Start of Block

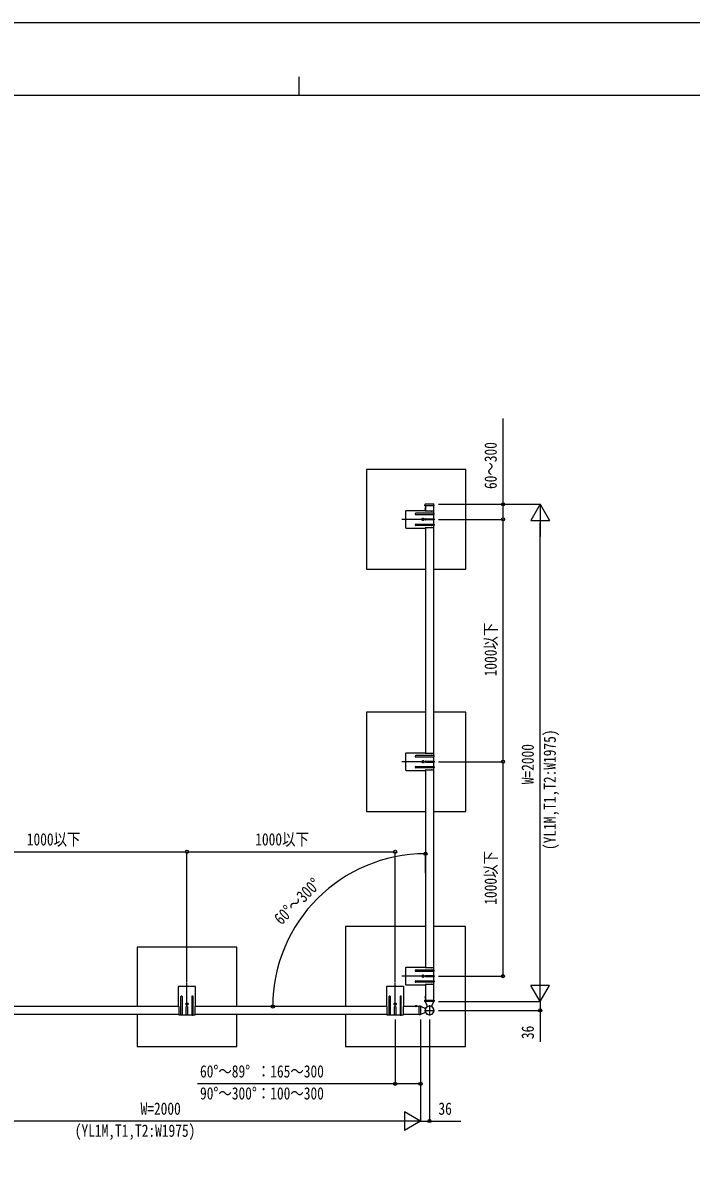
# Model space of a CAD drawing. Units: millimetres, scale not verified. Extents: x -6308 to 6308, y -4455 to 4455.
# Drawn here: x -1118 to 1570, y -128 to 4455 of the extents above; entities that cross this region are included whole.
import ezdxf
from ezdxf.enums import TextEntityAlignment as Align

# ---------------------------------------------------------------- set-up
doc = ezdxf.new("R2010")
doc.units = ezdxf.units.MM
doc.header["$LTSCALE"] = 20
for name, color, linetype in [('0-3_YKK_12', 2, 'Continuous'), ('0-4_YKK_A1', 4, 'Continuous'), ('0-5_YKK_D', 6, 'Continuous'), ('0-6_YKK_ZWAK', 7, 'Continuous')]:
    doc.layers.add(name, color=color, linetype=linetype)
doc.styles.add('ＭＳ ゴシック', font='')
doc.styles.get('ＭＳ ゴシック').set_extended_font_data('MS Gothic')

msp = doc.modelspace()

# ---------------------------------------------------------------- linework, layer by layer
at = {"layer": '0-3_YKK_12'}
for p, q in [((501.93, 2457.5), (406.93, 2457.5)), ((501.93, 1482.6), (406.93, 1482.6)), ((501.93, 620.2), (406.93, 620.2)), ((-457.57, 498.1), (-457.57, 593.1)), ((379.83, 498.1), (379.83, 593.1)), ((497.42, 482.1), (538.44, 482.1)), ((517.93, 502.8), (517.93, 461.4))]:
    msp.add_line(p, q, dxfattribs=at)
at = {"layer": '0-4_YKK_A1'}
for p, q in [((421.93, 2491), (421.93, 2424)), ((499.93, 2492.5), (423.43, 2492.5)), ((535.43, 2482), (462.43, 2482)), ((462.43, 2477), (535.43, 2477)), ((499.7, 2512.42), (500.11, 2519.16)), ((499.93, 2492.5), (501.93, 2490.5)), ((500.68, 2512.1), (500, 2512.1)), ((535.18, 2512.1), (500.68, 2512.1)), ((501.11, 2520.1), (534.75, 2520.1)), ((501.42, 2505.3), (501.42, 2495.9)), ((501.93, 2505.3), (501.42, 2505.3)), ((501.93, 2495.9), (501.42, 2495.9)), ((501.93, 2512.1), (501.93, 2490.5)), ((501.93, 2505.3), (501.93, 2495.9)), ((501.93, 2502.6), (501.93, 2498.6)), ((501.93, 2495.1), (501.93, 2490.5)), ((505.47, 2490.5), (501.93, 2490.5)), ((524.47, 2490.5), (506.39, 2490.5)), ((535.43, 2490.5), (525.39, 2490.5)), ((533.93, 2512.1), (533.93, 2490.5)), ((535.86, 2512.1), (535.18, 2512.1)), ((535.43, 2482), (535.43, 2490.5)), ((535.43, 2460), (535.43, 2477)), ((536.16, 2512.42), (535.75, 2519.16)), ((536.43, 2478), (536.43, 2481)), ((462.43, 2438), (535.43, 2438)), ((535.43, 2433), (462.43, 2433)), ((491.52, 2458.75), (491.52, 2459.58)), ((491.93, 2451.25), (491.93, 2463.75)), ((492.35, 2456.26), (492.35, 2455.43)), ((503.23, 2460), (535.43, 2460)), ((535.43, 2455), (503.23, 2455)), ((535.43, 2438), (535.43, 2455)), ((535.43, 2424.5), (535.43, 2433)), ((536.43, 2459), (536.43, 2456)), ((536.43, 2437), (536.43, 2434)), ((423.43, 2422.5), (499.93, 2422.5)), ((501.93, 2424.5), (499.93, 2422.5)), ((501.93, 2424.5), (501.93, 1515.6)), ((501.93, 2424.5), (505.47, 2424.5)), ((506.39, 2424.5), (524.47, 2424.5)), ((525.39, 2424.5), (535.43, 2424.5)), ((533.93, 2424.5), (533.93, 1515.6)), ((421.93, 1516.1), (421.93, 1449.1)), ((499.93, 1517.6), (423.43, 1517.6)), ((499.93, 1517.6), (501.93, 1515.6)), ((505.47, 1515.6), (501.93, 1515.6)), ((524.47, 1515.6), (506.39, 1515.6)), ((535.43, 1515.6), (525.39, 1515.6)), ((535.43, 1507.1), (535.43, 1515.6)), ((535.43, 1507.1), (462.43, 1507.1)), ((462.43, 1502.1), (535.43, 1502.1)), ((491.52, 1483.85), (491.52, 1484.68)), ((491.93, 1476.35), (491.93, 1488.85)), ((492.35, 1481.36), (492.35, 1480.53)), ((503.23, 1485.1), (535.43, 1485.1)), ((535.43, 1480.1), (503.23, 1480.1)), ((535.43, 1485.1), (535.43, 1502.1)), ((535.43, 1463.1), (535.43, 1480.1)), ((536.43, 1503.1), (536.43, 1506.1)), ((536.43, 1484.1), (536.43, 1481.1)), ((423.43, 1447.6), (499.93, 1447.6)), ((462.43, 1463.1), (535.43, 1463.1)), ((535.43, 1458.1), (462.43, 1458.1)), ((501.93, 1449.6), (499.93, 1447.6)), ((501.93, 1449.6), (501.93, 653.2)), ((501.93, 1449.6), (505.47, 1449.6)), ((506.39, 1449.6), (524.47, 1449.6)), ((525.39, 1449.6), (535.43, 1449.6)), ((533.93, 1449.6), (533.93, 653.2)), ((535.43, 1449.6), (535.43, 1458.1)), ((536.43, 1462.1), (536.43, 1459.1)), ((421.93, 653.7), (421.93, 586.7)), ((499.93, 655.2), (423.43, 655.2)), ((535.43, 644.7), (462.43, 644.7)), ((499.93, 655.2), (501.93, 653.2)), ((505.47, 653.2), (501.93, 653.2)), ((524.47, 653.2), (506.39, 653.2)), ((535.43, 653.2), (525.39, 653.2)), ((535.43, 644.7), (535.43, 653.2)), ((536.43, 640.7), (536.43, 643.7)), ((462.43, 639.7), (535.43, 639.7)), ((462.43, 600.7), (535.43, 600.7)), ((491.52, 621.44), (491.52, 622.27)), ((491.93, 613.95), (491.93, 626.45)), ((492.35, 618.95), (492.35, 618.12)), ((503.23, 622.7), (535.43, 622.7)), ((535.43, 617.7), (503.23, 617.7)), ((535.43, 622.7), (535.43, 639.7)), ((535.43, 600.7), (535.43, 617.7)), ((536.43, 621.7), (536.43, 618.7)), ((536.43, 599.7), (536.43, 596.7)), ((-492.57, 576.6), (-492.57, 500.1)), ((-424.07, 578.1), (-491.07, 578.1)), ((-422.57, 500.1), (-422.57, 576.6)), ((344.83, 576.6), (344.83, 500.1)), ((413.33, 578.1), (346.33, 578.1)), ((414.83, 500.1), (414.83, 576.6)), ((423.43, 585.2), (499.93, 585.2)), ((535.43, 595.7), (462.43, 595.7)), ((501.93, 587.2), (499.93, 585.2)), ((501.93, 587.2), (501.93, 524.1)), ((501.93, 587.2), (505.47, 587.2)), ((506.39, 587.2), (524.47, 587.2)), ((525.39, 587.2), (535.43, 587.2)), ((533.93, 587.2), (533.93, 524.1)), ((535.43, 587.2), (535.43, 595.7)), ((-482.07, 464.6), (-482.07, 537.6)), ((-477.07, 537.6), (-477.07, 464.6)), ((-463.82, 508.1), (-451.32, 508.1)), ((-458.82, 507.68), (-459.65, 507.68)), ((-456.33, 508.51), (-455.5, 508.51)), ((-438.07, 537.6), (-438.07, 464.6)), ((-433.07, 464.6), (-433.07, 537.6)), ((355.33, 464.6), (355.33, 537.6)), ((360.33, 537.6), (360.33, 464.6)), ((373.58, 508.1), (386.08, 508.1)), ((378.59, 507.68), (377.76, 507.68)), ((381.08, 508.51), (381.91, 508.51)), ((399.33, 537.6), (399.33, 464.6)), ((404.33, 464.6), (404.33, 537.6)), ((499.68, 518.4), (499.73, 523.8)), ((499.68, 518.56), (499.68, 518.1)), ((499.98, 518.1), (499.68, 518.1)), ((500.68, 518.1), (499.98, 518.1)), ((500.03, 524.1), (500.73, 524.1)), ((535.18, 518.1), (500.68, 518.1)), ((500.73, 524.1), (535.13, 524.1)), ((508.24, 502.88), (501.14, 518.1)), ((501.42, 540.3), (501.42, 530.9)), ((501.93, 540.3), (501.42, 540.3)), ((501.93, 530.9), (501.42, 530.9)), ((501.93, 540.3), (501.93, 530.9)), ((501.93, 537.6), (501.93, 533.6)), ((534.72, 518.1), (527.62, 502.88)), ((535.13, 524.1), (535.83, 524.1)), ((535.88, 518.1), (535.18, 518.1)), ((535.88, 518.1), (536.18, 518.1)), ((536.13, 523.8), (536.18, 518.4)), ((536.18, 518.56), (536.18, 518.1)), ((-490.57, 498.1), (-1424.57, 498.1)), ((-490.57, 466.1), (-1424.57, 466.1)), ((-490.57, 498.1), (-492.57, 500.1)), ((-490.57, 498.1), (-490.57, 494.56)), ((-490.57, 493.64), (-490.57, 475.56)), ((-490.57, 474.64), (-490.57, 464.6)), ((-490.57, 464.6), (-482.07, 464.6)), ((-478.07, 463.6), (-481.07, 463.6)), ((-477.07, 464.6), (-460.07, 464.6)), ((-460.07, 464.6), (-460.07, 496.8)), ((-456.07, 463.6), (-459.07, 463.6)), ((-455.07, 496.8), (-455.07, 464.6)), ((-455.07, 464.6), (-438.07, 464.6)), ((-437.07, 463.6), (-434.07, 463.6)), ((-433.07, 464.6), (-424.57, 464.6)), ((-422.57, 500.1), (-424.57, 498.1)), ((346.83, 498.1), (-424.57, 498.1)), ((-424.57, 494.56), (-424.57, 498.1)), ((-424.57, 475.56), (-424.57, 493.64)), ((-424.57, 464.6), (-424.57, 474.64)), ((346.83, 466.1), (-424.57, 466.1)), ((346.83, 498.1), (344.83, 500.1)), ((346.83, 498.1), (346.83, 494.56)), ((346.83, 493.64), (346.83, 475.56)), ((346.83, 474.64), (346.83, 464.6)), ((346.83, 464.6), (355.33, 464.6)), ((359.33, 463.6), (356.33, 463.6)), ((360.33, 464.6), (377.33, 464.6)), ((377.33, 464.6), (377.33, 496.8)), ((381.33, 463.6), (378.33, 463.6)), ((382.33, 496.8), (382.33, 464.6)), ((382.33, 464.6), (399.33, 464.6)), ((400.33, 463.6), (403.33, 463.6)), ((404.33, 464.6), (412.83, 464.6)), ((414.83, 500.1), (412.83, 498.1)), ((475.93, 498.1), (412.83, 498.1)), ((412.83, 494.56), (412.83, 498.1)), ((412.83, 475.56), (412.83, 493.64)), ((412.83, 464.6), (412.83, 474.64)), ((475.93, 466.1), (412.83, 466.1)), ((469.13, 498.61), (459.73, 498.61)), ((459.73, 498.1), (459.73, 498.61)), ((469.13, 498.1), (459.73, 498.1)), ((466.43, 498.1), (462.43, 498.1)), ((469.13, 498.1), (469.13, 498.61)), ((475.93, 499.3), (475.93, 500)), ((475.93, 464.9), (475.93, 499.3)), ((475.93, 464.2), (475.93, 464.9)), ((476.23, 500.3), (481.63, 500.35)), ((481.63, 463.85), (476.23, 463.9)), ((481.93, 500.05), (481.93, 499.35)), ((481.93, 499.35), (481.93, 464.85)), ((481.93, 498.89), (501.35, 489.83)), ((501.35, 474.37), (481.93, 465.31)), ((481.93, 464.85), (481.93, 464.15)), ((501.15, 487.72), (500.87, 487.85)), ((506.63, 495.73), (507.69, 496.87)), ((528.17, 496.87), (529.23, 495.73)), ((531.56, 493.4), (531.34, 493.22)), ((531.56, 470.8), (531.34, 470.98)), ((531.73, 493.19), (531.56, 493.4)), ((531.56, 470.8), (531.75, 471.04))]:
    msp.add_line(p, q, dxfattribs=at)
for points in [[(533.93, 2257.5), (664.02, 2257.42), (664.02, 2657.5), (264.26, 2657.5), (264.26, 2257.5), (501.93, 2257.5)], [(499.78, 2502.7), (501.72, 2501.75), (502.34, 2500.6)], [(499.78, 2498.5), (501.72, 2499.45), (502.34, 2500.6)], [(490.69, 2457.09), (489.86, 2457.09), (489.86, 2457.92), (490.69, 2457.92)], [(491.52, 2459.58), (492.35, 2459.58), (492.35, 2458.75)], [(492.35, 2455.43), (491.52, 2455.43), (491.52, 2456.26)], [(493.18, 2457.92), (494.01, 2457.92), (494.01, 2457.09), (493.18, 2457.09)], [(501.93, 1682.6), (264.26, 1682.6), (264.26, 1282.6), (501.93, 1282.6)], [(533.93, 1282.6), (663.42, 1282.52), (663.67, 1682.52), (533.93, 1682.6)], [(490.69, 1482.19), (489.86, 1482.19), (489.86, 1483.02), (490.69, 1483.02)], [(491.52, 1484.68), (492.35, 1484.68), (492.35, 1483.85)], [(492.35, 1480.53), (491.52, 1480.53), (491.52, 1481.36)], [(493.18, 1483.02), (494.01, 1483.02), (494.01, 1482.19), (493.18, 1482.19)], [(501.93, 820.2), (179.91, 820.4), (179.71, 498.05)], [(179.71, 466.1), (179.71, 337.05), (662.84, 337.1), (662.84, 820.2), (533.93, 820.2)], [(-257.57, 498.1), (-257.57, 737.1), (-657.57, 737.1), (-657.57, 498.1)], [(490.69, 619.78), (489.86, 619.78), (489.86, 620.61), (490.69, 620.61)], [(491.52, 622.27), (492.35, 622.27), (492.35, 621.44)], [(492.35, 618.12), (491.52, 618.12), (491.52, 618.95)], [(493.18, 620.61), (494.01, 620.61), (494.01, 619.78), (493.18, 619.78)], [(-459.65, 507.68), (-459.65, 508.51), (-458.82, 508.51)], [(-457.99, 509.34), (-457.99, 510.17), (-457.16, 510.17), (-457.16, 509.34)], [(-457.16, 506.85), (-457.16, 506.02), (-457.99, 506.02), (-457.99, 506.85)], [(-455.5, 508.51), (-455.5, 507.68), (-456.33, 507.68)], [(377.76, 507.68), (377.76, 508.51), (378.59, 508.51)], [(379.42, 509.34), (379.42, 510.17), (380.25, 510.17), (380.25, 509.34)], [(380.25, 506.85), (380.25, 506.02), (379.42, 506.02), (379.42, 506.85)], [(381.91, 508.51), (381.91, 507.68), (381.08, 507.68)], [(499.78, 537.7), (501.72, 536.75), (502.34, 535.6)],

End of Block

Could the lines from the first entry through the line that contains "doc.units = ezdxf.units.MM" be copied exactly, with all pictures left out?

# Model space of a CAD drawing. Units: millimetres, scale not verified. Extents: x -6308 to 6308, y -4455 to 4455.
# Drawn here: x -1118 to 1570, y -128 to 4455 of the extents above; entities that cross this region are included whole.
import ezdxf
from ezdxf.enums import TextEntityAlignment as Align

# ---------------------------------------------------------------- set-up
doc = ezdxf.new("R2010")
doc.units = ezdxf.units.MM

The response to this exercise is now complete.